Evaluate and assess risks to safeguard the financial assets of the company. Coordinate and direct highly complex and specialized Underwriting projects, which have significant impact on the company's financial position and other functional areas. Responsible for financial soundness of rates and prices for a significant line of business.
Lead, facilitate, direct and coordinate the production of renewal rates or new business proposals, cost estimates for benefit modifications and various coordinating reports. Manage and communicate results of renewal and quote adequacy monthly meetings.
Assess, approve, reject or make recommendations for complex underwriting rating policy exception requests taking into consideration financial and operational impact.
Initiate and maintain appropriate rating and underwriting policies, procedures, documentation and audit readiness to comply with state and federal requirements.
Ensure application of underwriting practices and processes including risk management, differences in insured vs ASC programs, managing stop-loss, demographic rating vs claims rating.
Proactively seek out opportunities to develop new systems, solutions, enhancements to better manage reporting capabilities for financial forecasting, membership and performance metric reporting.
Independently communicate rating and underwriting issues, solutions, risks, implications, impacts of financials / membership results and recommendations on behalf of the department and division to team members, senior leadership, internal and external stakeholders.

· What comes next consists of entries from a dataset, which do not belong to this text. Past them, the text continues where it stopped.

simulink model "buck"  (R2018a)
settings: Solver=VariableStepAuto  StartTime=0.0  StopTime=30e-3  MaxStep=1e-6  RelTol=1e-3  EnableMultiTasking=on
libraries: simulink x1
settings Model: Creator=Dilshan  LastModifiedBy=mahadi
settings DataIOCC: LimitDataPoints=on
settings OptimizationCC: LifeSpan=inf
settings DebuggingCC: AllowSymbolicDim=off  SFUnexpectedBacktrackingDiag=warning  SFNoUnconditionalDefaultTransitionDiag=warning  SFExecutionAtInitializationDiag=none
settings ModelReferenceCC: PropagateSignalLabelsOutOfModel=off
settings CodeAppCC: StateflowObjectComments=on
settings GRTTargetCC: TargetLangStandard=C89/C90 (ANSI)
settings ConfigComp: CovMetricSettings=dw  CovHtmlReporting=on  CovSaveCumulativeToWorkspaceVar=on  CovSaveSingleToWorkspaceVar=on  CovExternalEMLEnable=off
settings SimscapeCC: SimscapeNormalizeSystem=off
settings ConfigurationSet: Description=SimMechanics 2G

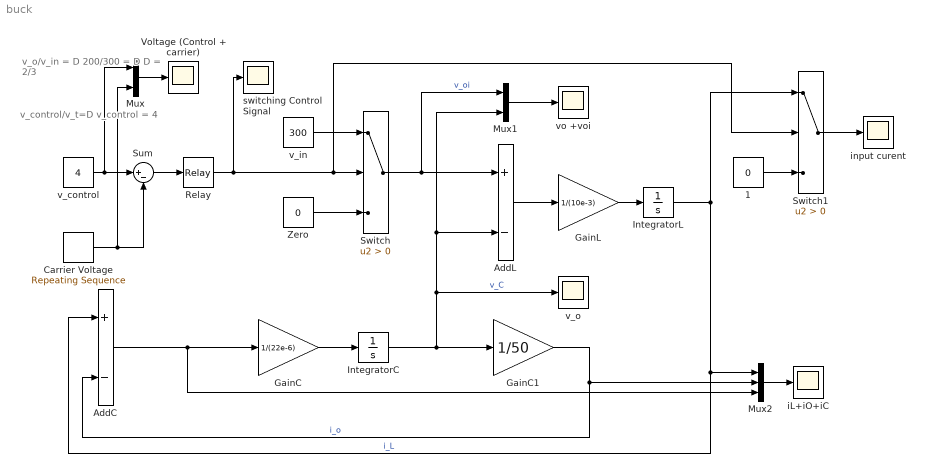
== system buck ==
  note: v_control/v_t=D
      | v_control = 4
  note: v_o/v_in = D
      | 200/300 = D
      | D = 2/3
  1 : Constant  Value=0
  AddC : Sum  Inputs=+-
  AddL : Sum  Inputs=+-
  Carrier Voltage : simulink/Sources/Repeating Sequence  rep_seq_t=[0 100e-6]  rep_seq_y=[0 6]
  GainC : Gain  Gain=1/(22e-6)
  GainC1 : Gain  Gain=1/50
  GainL : Gain  Gain=1/(10e-3)
  IntegratorC : Integrator
  IntegratorL : Integrator
  Mux : Mux  Inputs=2
  Mux1 : Mux  Inputs=2
  Mux2 : Mux  Inputs=3
  Relay : Relay
  Sum : Sum  Inputs=|+-
  Switch : Switch  Criteria=u2 > Threshold
  Switch1 : Switch  Criteria=u2 > Threshold
  Voltage (Control + carrier) : Scope
  Zero : Constant  Value=0
  iL+iO+iC : Scope
  input curent : Scope
  switching Control Signal : Scope
  v_control : Constant  Value=4
  v_in : Constant  Value=300
  v_o : Scope
  vo +voi : Scope
  wires:
  AddL/1 -> GainL/1
  GainL/1 -> IntegratorL/1
  IntegratorL/1 -> AddC/1, Mux2/1, Switch1/1  "i_L"
  Zero/1 -> Switch/3
  v_in/1 -> Switch/1
  Switch/1 -> Mux1/1, AddL/1  "v_oi"
  Relay/1 -> Switch1/2, Switch/2, switching Control Signal/1
  AddC/1 -> Mux2/3, GainC/1
  GainC/1 -> IntegratorC/1
  GainC1/1 -> Mux2/2, AddC/2  "i_o"
  IntegratorC/1 -> AddL/2, Mux1/2, v_o/1, GainC1/1  "v_C"
  v_control/1 -> Mux/1, Sum/1
  Carrier Voltage/1 -> Mux/2, Sum/2
  Sum/1 -> Relay/1
  Mux/1 -> Voltage (Control + carrier)/1
  Mux1/1 -> vo +voi/1
  Mux2/1 -> iL+iO+iC/1
  1/1 -> Switch1/3
  Switch1/1 -> input curent/1

Lead, plan and deliver projects utilizing project management methodology to enhance systems, business processes, procedures and reporting, coordinating across departments and divisions. Act as a technical resource and subject matter expert to address or resolve underwriting and healthcare issues across the enterprise and review work of peers for underwriting accuracy and compliance representing the organization on industry task forces and work groups when necessary.
Other duties as assigned.
Bachelor's Degree in Mathematics, Statistics, Finance, Accounting, Economics, or related field required. Master's Degree preferred.
Six (6) years experience in rating/underwriting or related field with two (2) years at a Senior Underwriter.
Experience with actuarial and group insurance principles, health care benefits and claims processing procedures, rating formulas, self funded and alternative financial arrangements, and the systems and mainframe applications.
Ability to participate in multifunctional workgroups as SME or Business Lead
Ability to analyze financial data, draw valid conclusions, suggest reasonable solutions and prepare summary reports required.
Strong understanding of mathematics principals and their practical applications required.
Excellent verbal and written communication skills required including the ability to present to executive leadership and external customers.
Ability to function independently under minimal supervision adjusting effectively to changes in work and keeping an open mind to new and better ways of accomplishing results.
Knowledge of Microsoft Excel, Word and Powerpoint required.MS Access & Visual Basic required.
Ability to maintain knowledge of Federal and State laws and regulations related to health care delivery systems (HMO, PPO, ACO, etc.) and sales distribution channels required.
Good organizational and time management skills with an ability to handle multiple tasks.
Strong understanding of national & local competitive landscape and apply it to rating decisions and consultative analysis
All qualified applicants will receive consideration for employment without regard to, among other grounds, race, color, religion, sex, national origin, sexual orientation, age, gender identity, protected veteran status or status as an individual with a disability.